Seria equívoco presentar un cuadro homogéneo de los postulados médicos- higienistas respecto a las explicaciones de las etiologías de las enfermedades. Estas presuntas diferencias ya fueron señaladas muy tempranamente por Ackerknecht, para quien en el higienismo prevalecían dos corrientes confrontadas: una infeccionistas y otra contagionistas. La revolución pasteuriana habría permitido la victoria de la segunda, despojando de los circuitos de los saberes médico a la primera.22
Si bien coincidimos que no se trató de un grupo homogéneo, nos planteamos ante tal esquematismo estrictamente binario ¿Hasta qué punto tiene validez universal dicha distinción? ¿Qué aporta a la cuestión el estudio de la epidemia de Fiebre amarilla en Buenos Aires de 1871? Al reconstruir la compleja trama que encierran los discursos se aprecia no sólo la alianza de ambas corrientes, sino además, como florecen explicaciones alternativas, que complejizan, deforman o amplían la concepción sobre la enfermedad e incluso lo que se ha definido como miasma.
La ciudad y sus «aires modernos»
En 1869 la ciudad de Buenos Aires contaba con un total de 177.987 habitantes la cual se componía de 89.661 argentinos y 88.126 extranjeros.23 Para esos años se aceleraba la marcha del arribo de inmigrantes de ultramar, preludio de la denominada Era aluvial.

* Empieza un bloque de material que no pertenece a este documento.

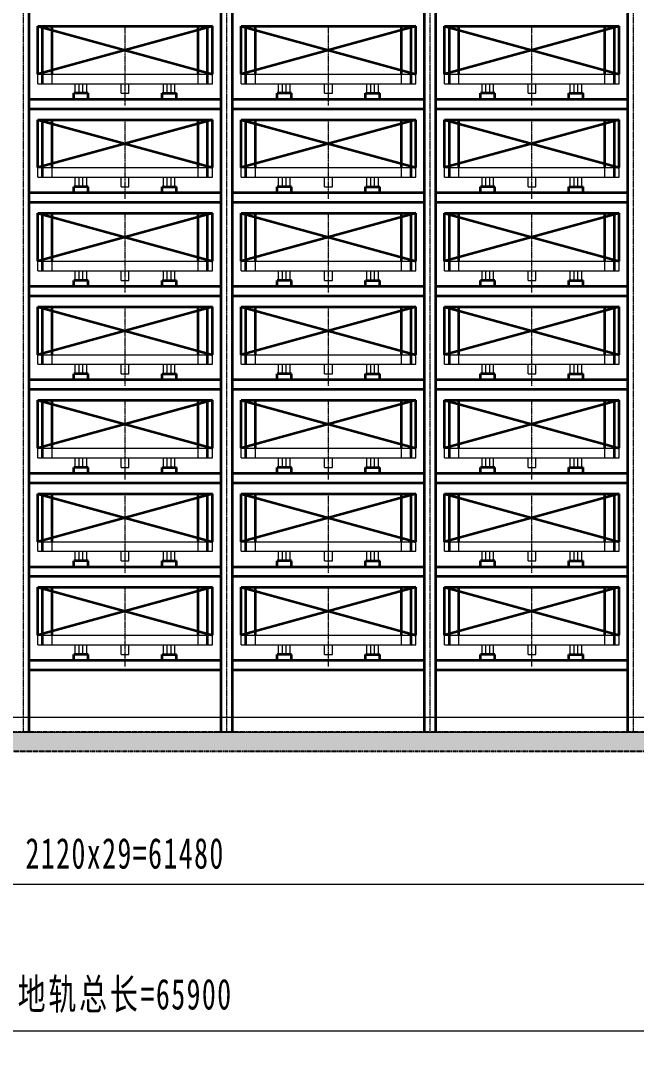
# Model space of a CAD drawing. Header units: millimetres. Extents: x -67280 to 67280, y -47520 to 47520.
# Drawn here: x -13688 to -7268, y 4323 to 15019 of the extents above; entities that cross this region are included whole.
import ezdxf

# ---------------------------------------------------------------- set-up
doc = ezdxf.new("R2010")
doc.units = ezdxf.units.MM
doc.linetypes.add('双点画线', pattern=[22, 12, -2, 2, -2, 2, -2])
doc.linetypes.add('点画线', pattern=[18, 12, -2, 2, -2])
doc.layers.get('0').update_dxf_attribs({"lineweight": 35})
for name, color, linetype, lineweight in [('7', 30, '双点画线', 18), ('ACADCAXA细实线层', 3, 'Continuous', 18), ('ACAD细实线', 2, 'Continuous', 18), ('EB0', 7, 'Continuous', 35), ('中心线层', 1, '点画线', 18), ('剖面线层', 6, 'Continuous', 18), ('尺寸线层', 4, 'Continuous', 18), ('细实线层', 3, 'Continuous', 18)]:
    doc.layers.add(name, color=color, linetype=linetype, lineweight=lineweight)
doc.styles.add('标准', font='', dxfattribs={"width": 0.667})
doc.styles.get('标准').set_extended_font_data('宋体')
doc.dimstyles.new('标准', dxfattribs={"dimscale": 160, "dimtxt": 2, "dimasz": 1, "dimexe": 1, "dimexo": 0, "dimgap": 1, "dimtad": 1, "dimdec": 1, "dimdsep": 46, "dimtxsty": '标准', "dimblk": '_CAXARROW', "dimcen": 0, "dimdle": 2, "dimaunit": 1, "dimadec": 0, "dimazin": 2, "dimtfac": 0.707107, "dimtdec": 3, "dimtmove": 0, "dimatfit": 3, "dimfxl": 0, "dimfrac": 2, "dimtolj": 1, "dimarcsym": 0})

# ---------------------------------------------------------------- blocks, each defined once
blk = doc.blocks.new('*X1422')
at = {"layer": '尺寸线层', "linetype": 'Continuous', "lineweight": 18}
for points in [[(-45548, 4483), (-45388, 4463), (-45388, 4503)], [(20352, 4483), (20192, 4463), (20192, 4503)]]:
    blk.add_hatch(color=0, dxfattribs=at).paths.add_polyline_path(points, flags=0)
at = {"layer": '尺寸线层', "color": 0}
for p, q in [((-45548, 7647), (-45548, 4323)), ((20352, 7647), (20352, 4323))]:
    blk.add_line(p, q, dxfattribs=at)
at = {"layer": '尺寸线层', "color": 0, "linetype": 'Continuous', "lineweight": 18}
blk.add_line((20352, 4483), (-45548, 4483), dxfattribs=at)
at = {"layer": '尺寸线层', "color": 0, "insert": (-12598, 4850), "char_height": 320, "width": 4468.48, "attachment_point": 5, "line_spacing_factor": 1.15057, "style": '标准'}
blk.add_mtext('\\T1.1;地轨总长=65900', dxfattribs=at)
blk = doc.blocks.new('_CAXARROW')
blk.add_hatch(color=0).paths.add_polyline_path([(0, 0), (-1, 0.125), (-1, -0.125)], flags=0)
blk = doc.blocks.new('*X1431')
at = {"layer": '尺寸线层', "linetype": 'Continuous', "lineweight": 18}
for points in [[(-43338, 6014), (-43178, 6034), (-43178, 5994)], [(18142, 6014), (17982, 6034), (17982, 5994)]]:
    blk.add_hatch(color=0, dxfattribs=at).paths.add_polyline_path(points, flags=0)
at = {"layer": '尺寸线层', "color": 0}
for p, q in [((-43338, 7600), (-43338, 5854)), ((18142, 7600), (18142, 5854))]:
    blk.add_line(p, q, dxfattribs=at)
at = {"layer": '尺寸线层', "color": 0, "linetype": 'Continuous', "lineweight": 18}
blk.add_line((-43338, 6014), (18142, 6014), dxfattribs=at)
at = {"layer": '尺寸线层', "color": 0, "insert": (-12598, 6334), "char_height": 320, "width": 4248.88, "attachment_point": 5, "line_spacing_factor": 1.15057, "style": '标准'}
blk.add_mtext('\\T1.1;2120x29=61480', dxfattribs=at)
blk = doc.blocks.new('*X1599')
at = {"layer": '剖面线层', "linetype": 'Continuous', "lineweight": 18}
h = blk.add_hatch(dxfattribs=at)
h.set_pattern_fill('AR-CONC', color=256, style=0)
h.set_pattern_definition([(50, (0, 0), (182.18467, -15.9391), [19.05, -209.55]), (355, (0, 0), (-35.2428, 191.05664), [15.24, -167.64]), (100.451, (15.18, -1.33), (146.9425, 175.1167), [16.19, -178.09]), (46.1842, (0, 50.8), (271.07904, -42.0423), [28.575, -314.325]), (96.6356, (22.6, 47.3), (237.4042, 247.4256), [24.285, -267.135]), (351.184, (0, 50.8), (237.4046, 247.4251), [22.86, -251.46]), (21, (25.4, 38.1), (151.61488, -102.26552), [19.05, -209.55]), (326, (25.4, 38.1), (61.80203, 184.18797), [15.24, -167.64]), (71.4514, (38.03, 29.58), (213.4165, 81.92286), [16.19, -178.09]), (37.5, (0, 0), (3.088603, 84.55504), [0, -165.608, 0, -170.18, 0, -168.275]), (7.5, (0, 0), (66.81966, 100.18057), [0, -97.028, 0, -161.798, 0, -64.135]), (-32.5, (-56.64, 0), (135.590595, -5.728744), [0, -63.5, 0, -198.12, 0, -262.89]), (-42.5, (-82.04, 0), (148.12918, 25.4265), [0, -82.55, 0, -131.572, 0, -186.69])])
h.paths.add_polyline_path([(-65900, -100), (-65900, -3), (-65900, 100), (0, 100), (0, -100)], flags=0)
at = {"layer": '7', "linetype": '双点画线', "lineweight": 25}
for p, q in [((0, 100), (-65900, 100)), ((-65900, -100), (0, -100))]:
    blk.add_line(p, q, dxfattribs=at)

msp = doc.modelspace()

# ---------------------------------------------------------------- linework, layer by layer
at = {"layer": 'ACADCAXA细实线层', "color": 2, "linetype": 'Continuous', "lineweight": 18}
for p, q in [((-13507.969, 14459.786), (-11687.969, 14459.786)), ((-11387.969, 14459.786), (-9567.969, 14459.786)), ((-9267.969, 14459.786), (-7447.969, 14459.786)), ((-13507.969, 14359.786), (-11687.969, 14359.786)), ((-13117.969, 14259.786), (-13117.969, 14359.786)), ((-13037.969, 14259.786), (-13037.969, 14359.786)), ((-12637.969, 14259.786), (-12637.969, 14359.786)), ((-12557.969, 14259.786), (-12557.969, 14359.786)), ((-12157.969, 14259.786), (-12157.969, 14359.786)), ((-12077.969, 14259.786), (-12077.969, 14359.786)), ((-11387.969, 14359.786), (-9567.969, 14359.786)), ((-10997.969, 14259.786), (-10997.969, 14359.786)), ((-10917.969, 14259.786), (-10917.969, 14359.786)), ((-10517.969, 14259.786), (-10517.969, 14359.786)), ((-10437.969, 14259.786), (-10437.969, 14359.786)), ((-10037.969, 14259.786), (-10037.969, 14359.786)), ((-9957.969, 14259.786), (-9957.969, 14359.786)), ((-9267.969, 14359.786), (-7447.969, 14359.786)), ((-8877.969, 14259.786), (-8877.969, 14359.786)), ((-8797.969, 14259.786), (-8797.969, 14359.786)), ((-8397.969, 14259.786), (-8397.969, 14359.786)), ((-8317.969, 14259.786), (-8317.969, 14359.786)), ((-7917.969, 14259.786), (-7917.969, 14359.786)), ((-7837.969, 14259.786), (-7837.969, 14359.786)), ((-13117.969, 14259.786), (-13037.969, 14259.786)), ((-12637.969, 14259.786), (-12557.969, 14259.786)), ((-12157.969, 14259.786), (-12077.969, 14259.786)), ((-10997.969, 14259.786), (-10917.969, 14259.786)), ((-10517.969, 14259.786), (-10437.969, 14259.786)), ((-10037.969, 14259.786), (-9957.969, 14259.786)), ((-8877.969, 14259.786), (-8797.969, 14259.786)), ((-8397.969, 14259.786), (-8317.969, 14259.786)), ((-7917.969, 14259.786), (-7837.969, 14259.786)), ((-13507.969, 13484.786), (-11687.969, 13484.786)), ((-11387.969, 13484.786), (-9567.969, 13484.786)), ((-9267.969, 13484.786), (-7447.969, 13484.786)), ((-13507.969, 13384.786), (-11687.969, 13384.786)), ((-13117.969, 13284.786), (-13117.969, 13384.786)), ((-13037.969, 13284.786), (-13037.969, 13384.786)), ((-12637.969, 13284.786), (-12637.969, 13384.786)), ((-12557.969, 13284.786), (-12557.969, 13384.786)), ((-12157.969, 13284.786), (-12157.969, 13384.786)), ((-12077.969, 13284.786), (-12077.969, 13384.786)), ((-11387.969, 13384.786), (-9567.969, 13384.786)), ((-10997.969, 13284.786), (-10997.969, 13384.786)), ((-10917.969, 13284.786), (-10917.969, 13384.786)), ((-10517.969, 13284.786), (-10517.969, 13384.786)), ((-10437.969, 13284.786), (-10437.969, 13384.786)), ((-10037.969, 13284.786), (-10037.969, 13384.786)), ((-9957.969, 13284.786), (-9957.969, 13384.786)), ((-9267.969, 13384.786), (-7447.969, 13384.786)), ((-8877.969, 13284.786), (-8877.969, 13384.786)), ((-8797.969, 13284.786), (-8797.969, 13384.786)), ((-8397.969, 13284.786), (-8397.969, 13384.786)), ((-8317.969, 13284.786), (-8317.969, 13384.786)), ((-7917.969, 13284.786), (-7917.969, 13384.786)), ((-7837.969, 13284.786), (-7837.969, 13384.786)), ((-13117.969, 13284.786), (-13037.969, 13284.786)), ((-12637.969, 13284.786), (-12557.969, 13284.786)), ((-12157.969, 13284.786), (-12077.969, 13284.786)), ((-10997.969, 13284.786), (-10917.969, 13284.786)), ((-10517.969, 13284.786), (-10437.969, 13284.786)), ((-10037.969, 13284.786), (-9957.969, 13284.786)), ((-8877.969, 13284.786), (-8797.969, 13284.786)), ((-8397.969, 13284.786), (-8317.969, 13284.786)), ((-7917.969, 13284.786), (-7837.969, 13284.786)), ((-13507.969, 12509.786), (-11687.969, 12509.786)), ((-13507.969, 12409.786), (-11687.969, 12409.786)), ((-13117.969, 12309.786), (-13117.969, 12409.786)), ((-13037.969, 12309.786), (-13037.969, 12409.786)), ((-12637.969, 12309.786), (-12637.969, 12409.786)), ((-12557.969, 12309.786), (-12557.969, 12409.786)), ((-12157.969, 12309.786), (-12157.969, 12409.786)), ((-12077.969, 12309.786), (-12077.969, 12409.786)), ((-11387.969, 12509.786), (-9567.969, 12509.786)), ((-11387.969, 12409.786), (-9567.969, 12409.786)), ((-10997.969, 12309.786), (-10997.969, 12409.786)), ((-10917.969, 12309.786), (-10917.969, 12409.786)), ((-10517.969, 12309.786), (-10517.969, 12409.786)), ((-10437.969, 12309.786), (-10437.969, 12409.786)), ((-10037.969, 12309.786), (-10037.969, 12409.786)), ((-9957.969, 12309.786), (-9957.969, 12409.786)), ((-9267.969, 12509.786), (-7447.969, 12509.786)), ((-9267.969, 12409.786), (-7447.969, 12409.786)), ((-8877.969, 12309.786), (-8877.969, 12409.786)), ((-8797.969, 12309.786), (-8797.969, 12409.786)), ((-8397.969, 12309.786), (-8397.969, 12409.786)), ((-8317.969, 12309.786), (-8317.969, 12409.786)), ((-7917.969, 12309.786), (-7917.969, 12409.786)), ((-7837.969, 12309.786), (-7837.969, 12409.786)), ((-13117.969, 12309.786), (-13037.969, 12309.786)), ((-12637.969, 12309.786), (-12557.969, 12309.786)), ((-12157.969, 12309.786), (-12077.969, 12309.786)), ((-10997.969, 12309.786), (-10917.969, 12309.786)), ((-10517.969, 12309.786), (-10437.969, 12309.786)), ((-10037.969, 12309.786), (-9957.969, 12309.786)), ((-8877.969, 12309.786), (-8797.969, 12309.786)), ((-8397.969, 12309.786), (-8317.969, 12309.786)), ((-7917.969, 12309.786), (-7837.969, 12309.786)), ((-13507.969, 11534.786), (-11687.969, 11534.786)), ((-11387.969, 11534.786), (-9567.969, 11534.786)), ((-9267.969, 11534.786), (-7447.969, 11534.786)), ((-13507.969, 11434.786), (-11687.969, 11434.786)), ((-13117.969, 11334.786), (-13117.969, 11434.786)), ((-13037.969, 11334.786), (-13037.969, 11434.786)), ((-12637.969, 11334.786), (-12637.969, 11434.786)), ((-12557.969, 11334.786), (-12557.969, 11434.786)), ((-12157.969, 11334.786), (-12157.969, 11434.786)), ((-12077.969, 11334.786), (-12077.969, 11434.786)), ((-11387.969, 11434.786), (-9567.969, 11434.786)), ((-10997.969, 11334.786), (-10997.969, 11434.786)), ((-10917.969, 11334.786), (-10917.969, 11434.786)), ((-10517.969, 11334.786), (-10517.969, 11434.786)), ((-10437.969, 11334.786), (-10437.969, 11434.786)), ((-10037.969, 11334.786), (-10037.969, 11434.786)), ((-9957.969, 11334.786), (-9957.969, 11434.786)), ((-9267.969, 11434.786), (-7447.969, 11434.786)), ((-8877.969, 11334.786), (-8877.969, 11434.786)), ((-8797.969, 11334.786), (-8797.969, 11434.786)), ((-8397.969, 11334.786), (-8397.969, 11434.786)), ((-8317.969, 11334.786), (-8317.969, 11434.786)), ((-7917.969, 11334.786), (-7917.969, 11434.786)), ((-7837.969, 11334.786), (-7837.969, 11434.786)), ((-13117.969, 11334.786), (-13037.969, 11334.786)), ((-12637.969, 11334.786), (-12557.969, 11334.786)), ((-12157.969, 11334.786), (-12077.969, 11334.786)), ((-10997.969, 11334.786), (-10917.969, 11334.786)), ((-10517.969, 11334.786), (-10437.969, 11334.786)), ((-10037.969, 11334.786), (-9957.969, 11334.786)), ((-8877.969, 11334.786), (-8797.969, 11334.786)), ((-8397.969, 11334.786), (-8317.969, 11334.786)), ((-7917.969, 11334.786), (-7837.969, 11334.786)), ((-13507.969, 10559.786), (-11687.969, 10559.786)), ((-11387.969, 10559.786), (-9567.969, 10559.786)), ((-9267.969, 10559.786), (-7447.969, 10559.786)), ((-13507.969, 10459.786), (-11687.969, 10459.786)), ((-13117.969, 10359.786), (-13117.969, 10459.786)), ((-13037.969, 10359.786), (-13037.969, 10459.786)), ((-12637.969, 10359.786), (-12637.969, 10459.786)), ((-12557.969, 10359.786), (-12557.969, 10459.786)), ((-12157.969, 10359.786), (-12157.969, 10459.786)), ((-12077.969, 10359.786), (-12077.969, 10459.786)), ((-11387.969, 10459.786), (-9567.969, 10459.786)), ((-10997.969, 10359.786), (-10997.969, 10459.786)), ((-10917.969, 10359.786), (-10917.969, 10459.786)), ((-10517.969, 10359.786), (-10517.969, 10459.786)), ((-10437.969, 10359.786), (-10437.969, 10459.786)), ((-10037.969, 10359.786), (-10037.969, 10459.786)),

Proyecto alentado por una elite liberal que concebía a la inmigración como un componente clave del proceso modernizador. Sin embargo, contrariamente a lo esperado por la elite, en su mayoría los arribados provenían de la parte sur de Europa. El censo nacional es ilustrativo en cuanto a la composición demográfica en la ciudad. De Italia provenía la mayoría de los inmigrantes arribados, seguidos por los españoles y franceses, luego de otras nacionalidades que disminuyen considerablemente en comparación de los tres primeros. Esa paridad demográfica años después se inclinaría hacia los extranjeros. El arribo masivo de inmigrantes fue una marea que inundó la ciudad, conformando un pluralismo cultural24 que convivirá por décadas.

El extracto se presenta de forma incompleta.